Friday, April 3, 2015

Compute Shader Framework

In the last few posts about ray tracing I briefly mentioned compute shaders. If you don't know what they are, here is a short summary:


Compute shaders are not part of the ordinary graphics pipeline, they can be used separately of any other stage. They are particularly meant for computation on the GPU. The compute shaders are in the same language as the other pipeline stages, like the pixel shader. In this case, HLSL. The compute shader takes advantage of the huge speedup the GPU has to offer over the CPU. This is done by taking into account the parallel computation power of the GPU.

When I first started out with compute shaders, I saw it as a black box and didn't really understand how to get started using one. After I found out that it can be really useful for large computations, I decided to implement one for my ray tracing project (with success). After this, I decided to make a simple framework allowing everyone access to compute shaders in a more user friendly way. This is only intented for DirectX compute shaders in C#


So without further ado, here is the framework: ComputeShader. You can also view it on GitHub.
On the first run, the framework will download some NuGet packages from SharpDX. If you have already have SharpDX installed, you can simply reference them to skip this part.

With this framework it's possible to bind any structure to the GPU. You can do numerous things with these structures in your shader, and then output some data that you want to know. You can read this data back in your code and use it later on! A simple example would be updating a particle system: you dump all positions and velocities to the GPU, and then calculate the next positions in your shader.

In your project, either reference the ComputeShaderAddon.dll or add the project to your solution and reference the project.
You can now calculate anything on the GPU by using the next 4 lines of code (don't forget to include ComputeShaderAddon):
ComputeShaderHelper CSHelper = new ComputeShaderHelper(Device, "effect.fx");
int index = CSHelper.SetData<ExampleStruct>(data);

This is the code from the example in the framework. What it does per line:
- Initialize the helper, this compiles the shader (if necessary) and sets it up.
- Set your data from any possible struct to the GPU buffers. The index is stored to retrieve the data later on.
- Executes the compute shader, the number is the amount of cores used on the GPU. The maximum number of cores is 1024, however this will use all calculation power of the GPU at once!
- Retrieve the data from the GPU, using the index from above.
Create your compute shader. Set the amount of cores you want to use in the brackets above the main function like this:[numthreads(cores, 1, 1)]

Likewise, save the length of the array of structs somewhere in the compute shader, if you want to use this like I did in the framework.
Done! Run your project!

The example is a small program I wrote to test the computation power of the GPU in comparison with the CPU. The operation to perform is simple: for every struct you get, count numbers from zero to the length of the array and store them in the struct. Below you'll find a CPU and GPU version of this in code:
// CPU
for (int i = 0; i < amount; i++)
 int result = 0;
 for (int j = 0; j < amount; j++)
 result += j;
 data[i].Data = new Vector3(result, result, result);

// GPU -- ComputeShaderExample.fx in framework
[numthreads(nThreads, 1, 1)]
void CSMain(uint3 id : SV_DispatchThreadID)
 int range = nStructs / nThreads;
 for (uint i = id.x * range; i < id.x * range + range; i++)
 int result = 0;
 for (uint j = 0; j < nStructs; j++)
 result += j;
 data[i].Data = float3(result, result, result);

The framework ran with 50 cores on the GPU, and the results are as follows:

Last data: X:4,9995E+07 Y:4,9995E+07 Z:4,9995E+07
It took the GPU: 102 milliseconds
Last data: X:4,9995E+07 Y:4,9995E+07 Z:4,9995E+07
It took the CPU: 283 milliseconds

With this small calculation the GPU, using 50 cores, is about 3 times faster than the CPU, using only one core.

Some scalings:
StructsCoresGPU time (ms)CPU time (ms)
You can see that the amount of cores is something to fiddle with, since the resulting time differs greatly. This is because the overhead of running all the threads costs more than the actual computation itself, so be careful with this!
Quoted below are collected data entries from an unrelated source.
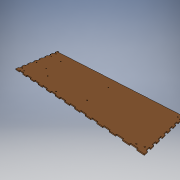
# Autodesk Inventor part: tavolaBase
Saved by Autodesk Inventor 2018.3 (Build 223284000, 284)
## iProperties
Created: 2019-03-04
Part Number: tavolaBase
Material: Generico
Document SubType Name: Modeling
Designer: AlfyPc
Density: 1 g/cm^3
Appearance: Frassino bianco - Giava
Author: AlfyPc
Autodesk Inventor part; units mm, degrees
ref_plane "YZ Plane" through (0, 0, 0) normal (1, 0, 0) x (0, 1, 0)
ref_plane "XZ Plane" through (0, 0, 0) normal (0, 1, 0) x (-1, 0, 0)
ref_plane "XY Plane" through (0, 0, 0) normal (0, 0, 1) x (1, 0, 0)
sketch "Schizzo1" plane through (0, 0, 0) normal (0, 0, 1) x (1, 0, 0)
  line L0 (233.5, -78.5) -> (-233.5, -78.5)
  line L1 (-233.5, -78.5) -> (-233.5, 78.5)
  line L2 (-233.5, 78.5) -> (233.5, 78.5)
  line L3 (233.5, 78.5) -> (233.5, -78.5)
  line L4 (233.5, -78.5) -> (-233.5, 78.5) construction
  line L5 (-233.5, -78.5) -> (233.5, 78.5) construction
  point P0 (0, 0)
  dimension "d0" = 467
  dimension "d1" = 157
  constraints: 12 end point, 2 midpoint, 2 parallel, 1 horizontal, 1 perpendicular
  measures "d0" distance of L0.start L0.end
  measures "d1" distance of L0.end L1.end
extrude "Estrusione1" add sketch "Schizzo1" against normal blind 4
sketch "Schizzo3" plane through (0, 0, 0) normal (0, 0, 1) x (1, 0, 0)
  line L0 (233.5, -78.5) -> (-233.5, -78.5) projected
  line L1 (233.5, 78.5) -> (233.5, -78.5) projected
  line L2 (-233.5, 78.5) -> (233.5, 78.5) projected
  line L3 (-233.5, -78.5) -> (-233.5, 78.5) projected
  line L4 (-237.5, -82.5) -> (237.5, -82.5) construction
  line L5 (237.5, -82.5) -> (237.5, 82.5) construction
  line L6 (237.5, 82.5) -> (-237.5, 82.5) construction
  line L7 (-237.5, 82.5) -> (-237.5, -82.5) construction
  line L8 (237.5, -82.5) -> (218.5, -82.5)
  line L9 (218.5, -82.5) -> (218.5, -78.5)
  line L10 (218.5, -78.5) -> (237.5, -78.5)
  line L11 (237.5, -78.5) -> (237.5, -82.5)
  line L12 (237.5, 82.5) -> (218.5, 82.5)
  line L13 (218.5, 82.5) -> (218.5, 78.5)
  line L14 (218.5, 78.5) -> (237.5, 78.5)
  line L15 (237.5, 78.5) -> (237.5, 82.5)
  line L16 (237.5, -82.5) -> (233.5, -82.5)
  line L17 (233.5, -82.5) -> (233.5, -71.5)
  line L18 (233.5, -71.5) -> (237.5, -71.5)
  line L19 (237.5, -71.5) -> (237.5, -82.5)
  line L20 (-237.5, -82.5) -> (-233.5, -82.5)
  line L21 (-233.5, -82.5) -> (-233.5, -71.5)
  line L22 (-233.5, -71.5) -> (-237.5, -71.5)
  line L23 (-237.5, -71.5) -> (-237.5, -82.5)
  line L24 (218.5, -78.5) -> (218.5, -82.5)
  line L25 (218.5, -82.5) -> (214.5, -82.5)
  line L26 (199.5, -82.5) -> (199.5, -78.5)
  line L27 (199.5, -78.5) -> (218.5, -78.5)
  line L28 (218.5, -82.5) -> (199.5, -82.5)
  line L29 (199.5, 82.5) -> (199.5, 78.5)
  line L30 (199.5, 78.5) -> (218.5, 78.5)
  line L31 (218.5, 78.5) -> (218.5, 82.5)
  line L32 (218.5, 82.5) -> (199.5, 82.5)
  line L33 (199.5, -78.5) -> (199.5, -82.5)
  line L34 (199.5, -82.5) -> (195.5, -82.5)
  line L35 (180.5, -82.5) -> (180.5, -78.5)
  line L36 (180.5, -78.5) -> (199.5, -78.5)
  line L37 (199.5, -82.5) -> (180.5, -82.5)
  line L38 (180.5, 82.5) -> (180.5, 78.5)
  line L39 (180.5, 78.5) -> (199.5, 78.5)
  line L40 (199.5, 78.5) -> (199.5, 82.5)
  line L41 (199.5, 82.5) -> (180.5, 82.5)
  line L42 (180.5, -78.5) -> (180.5, -82.5)
  line L43 (180.5, -82.5) -> (176.5, -82.5)
  line L44 (161.5, -82.5) -> (161.5, -78.5)
  line L45 (161.5, -78.5) -> (180.5, -78.5)
  line L46 (180.5, -82.5) -> (161.5, -82.5)
  line L47 (161.5, 82.5) -> (161.5, 78.5)
  line L48 (161.5, 78.5) -> (180.5, 78.5)
  line L49 (180.5, 78.5) -> (180.5, 82.5)
  line L50 (180.5, 82.5) -> (161.5, 82.5)
  line L51 (161.5, -78.5) -> (161.5, -82.5)
  line L52 (161.5, -82.5) -> (157.5, -82.5)
  line L53 (142.5, -82.5) -> (142.5, -78.5)
  line L54 (142.5, -78.5) -> (161.5, -78.5)
  line L55 (161.5, -82.5) -> (142.5, -82.5)
  line L56 (142.5, 82.5) -> (142.5, 78.5)
  line L57 (142.5, 78.5) -> (161.5, 78.5)
  line L58 (161.5, 78.5) -> (161.5, 82.5)
  line L59 (161.5, 82.5) -> (142.5, 82.5)
  line L60 (142.5, -78.5) -> (142.5, -82.5)
  line L61 (142.5, -82.5) -> (138.5, -82.5)
  line L62 (123.5, -82.5) -> (123.5, -78.5)
  line L63 (123.5, -78.5) -> (142.5, -78.5)
  line L64 (142.5, -82.5) -> (123.5, -82.5)
  line L65 (123.5, 82.5) -> (123.5, 78.5)
  line L66 (123.5, 78.5) -> (142.5, 78.5)
  line L67 (142.5, 78.5) -> (142.5, 82.5)
  line L68 (142.5, 82.5) -> (123.5, 82.5)
  line L69 (123.5, -78.5) -> (123.5, -82.5)
  line L70 (123.5, -82.5) -> (119.5, -82.5)
  line L71 (104.5, -82.5) -> (104.5, -78.5)
  line L72 (104.5, -78.5) -> (123.5, -78.5)
  line L73 (123.5, -82.5) -> (104.5, -82.5)
  line L74 (104.5, 82.5) -> (104.5, 78.5)
  line L75 (104.5, 78.5) -> (123.5, 78.5)
  line L76 (123.5, 78.5) -> (123.5, 82.5)
  line L77 (123.5, 82.5) -> (104.5, 82.5)
  line L78 (104.5, -78.5) -> (104.5, -82.5)
  line L79 (104.5, -82.5) -> (100.5, -82.5)
  line L80 (85.5, -82.5) -> (85.5, -78.5)
  line L81 (85.5, -78.5) -> (104.5, -78.5)
  line L82 (104.5, -82.5) -> (85.5, -82.5)
  line L83 (85.5, 82.5) -> (85.5, 78.5)
  line L84 (85.5, 78.5) -> (104.5, 78.5)
  line L85 (104.5, 78.5) -> (104.5, 82.5)
  line L86 (104.5, 82.5) -> (85.5, 82.5)
  line L87 (85.5, -78.5) -> (85.5, -82.5)
  line L88 (85.5, -82.5) -> (81.5, -82.5)
  line L89 (66.5, -82.5) -> (66.5, -78.5)
  line L90 (66.5, -78.5) -> (85.5, -78.5)
  line L91 (85.5, -82.5) -> (66.5, -82.5)
  line L92 (66.5, 82.5) -> (66.5, 78.5)
  line L93 (66.5, 78.5) -> (85.5, 78.5)
  line L94 (85.5, 78.5) -> (85.5, 82.5)
  line L95 (85.5, 82.5) -> (66.5, 82.5)
  line L96 (66.5, -78.5) -> (66.5, -82.5)
  line L97 (66.5, -82.5) -> (62.5, -82.5)
  line L98 (47.5, -82.5) -> (47.5, -78.5)
  line L99 (47.5, -78.5) -> (66.5, -78.5)
  line L100 (66.5, -82.5) -> (47.5, -82.5)
  line L101 (47.5, 82.5) -> (47.5, 78.5)
  line L102 (47.5, 78.5) -> (66.5, 78.5)
  line L103 (66.5, 78.5) -> (66.5, 82.5)
  line L104 (66.5, 82.5) -> (47.5, 82.5)
  line L105 (47.5, -78.5) -> (47.5, -82.5)
  line L106 (47.5, -82.5) -> (43.5, -82.5)
  line L107 (28.5, -82.5) -> (28.5, -78.5)
  line L108 (28.5, -78.5) -> (47.5, -78.5)
  line L109 (47.5, -82.5) -> (28.5, -82.5)
  line L110 (28.5, 82.5) -> (28.5, 78.5)
  line L111 (28.5, 78.5) -> (47.5, 78.5)
  line L112 (47.5, 78.5) -> (47.5, 82.5)
  line L113 (47.5, 82.5) -> (28.5, 82.5)
  line L114 (28.5, -78.5) -> (28.5, -82.5)
  line L115 (28.5, -82.5) -> (24.5, -82.5)
  line L116 (9.5, -82.5) -> (9.5, -78.5)
  line L117 (9.5, -78.5) -> (28.5, -78.5)
  line L118 (28.5, -82.5) -> (9.5, -82.5)
  line L119 (9.5, 82.5) -> (9.5, 78.5)
  line L120 (9.5, 78.5) -> (28.5, 78.5)
  line L121 (28.5, 78.5) -> (28.5, 82.5)
  line L122 (28.5, 82.5) -> (9.5, 82.5)
  line L123 (9.5, -78.5) -> (9.5, -82.5)
  line L124 (9.5, -82.5) -> (5.5, -82.5)
  line L125 (-9.5, -82.5) -> (-9.5, -78.5)
  line L126 (-9.5, -78.5) -> (9.5, -78.5)
  line L127 (9.5, -82.5) -> (-9.5, -82.5)
  line L128 (-9.5, 82.5) -> (-9.5, 78.5)
  line L129 (-9.5, 78.5) -> (9.5, 78.5)
  line L130 (9.5, 78.5) -> (9.5, 82.5)
  line L131 (9.5, 82.5) -> (-9.5, 82.5)
  line L132 (-9.5, -78.5) -> (-9.5, -82.5)
  line L133 (-9.5, -82.5) -> (-13.5, -82.5)
  line L134 (-28.5, -82.5) -> (-28.5, -78.5)
  line L135 (-28.5, -78.5) -> (-9.5, -78.5)
  line L136 (-9.5, -82.5) -> (-28.5, -82.5)
  line L137 (-28.5, 82.5) -> (-28.5, 78.5)
  line L138 (-28.5, 78.5) -> (-9.5, 78.5)
  line L139 (-9.5, 78.5) -> (-9.5, 82.5)
  line L140 (-9.5, 82.5) -> (-28.5, 82.5)
  line L141 (-28.5, -78.5) -> (-28.5, -82.5)
  line L142 (-28.5, -82.5) -> (-32.5, -82.5)
  line L143 (-47.5, -82.5) -> (-47.5, -78.5)
  line L144 (-47.5, -78.5) -> (-28.5, -78.5)
  line L145 (-28.5, -82.5) -> (-47.5, -82.5)
  line L146 (-47.5, 82.5) -> (-47.5, 78.5)
  line L147 (-47.5, 78.5) -> (-28.5, 78.5)
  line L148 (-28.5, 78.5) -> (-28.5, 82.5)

Fun stuff: the outcome is easily calculated by: n(n + 1) / 2. This is an easy way to calculate a numerical sequence like this. In this case, n = 9999 (because we start at 0).

Future work

This framework currently only supports Unordered View bindings, so if you would use DirectX 10 you can only bind one array of structures to the compute shader and that's it. In DirectX 11 this is increased to 8, which is supported in this example project.

Currently you still have to set the length of the array and the amount of threads manually in the compute shader. I don't know if it's possible to change this dynamically from code, but if I ever find a way, I will update the framework for sure.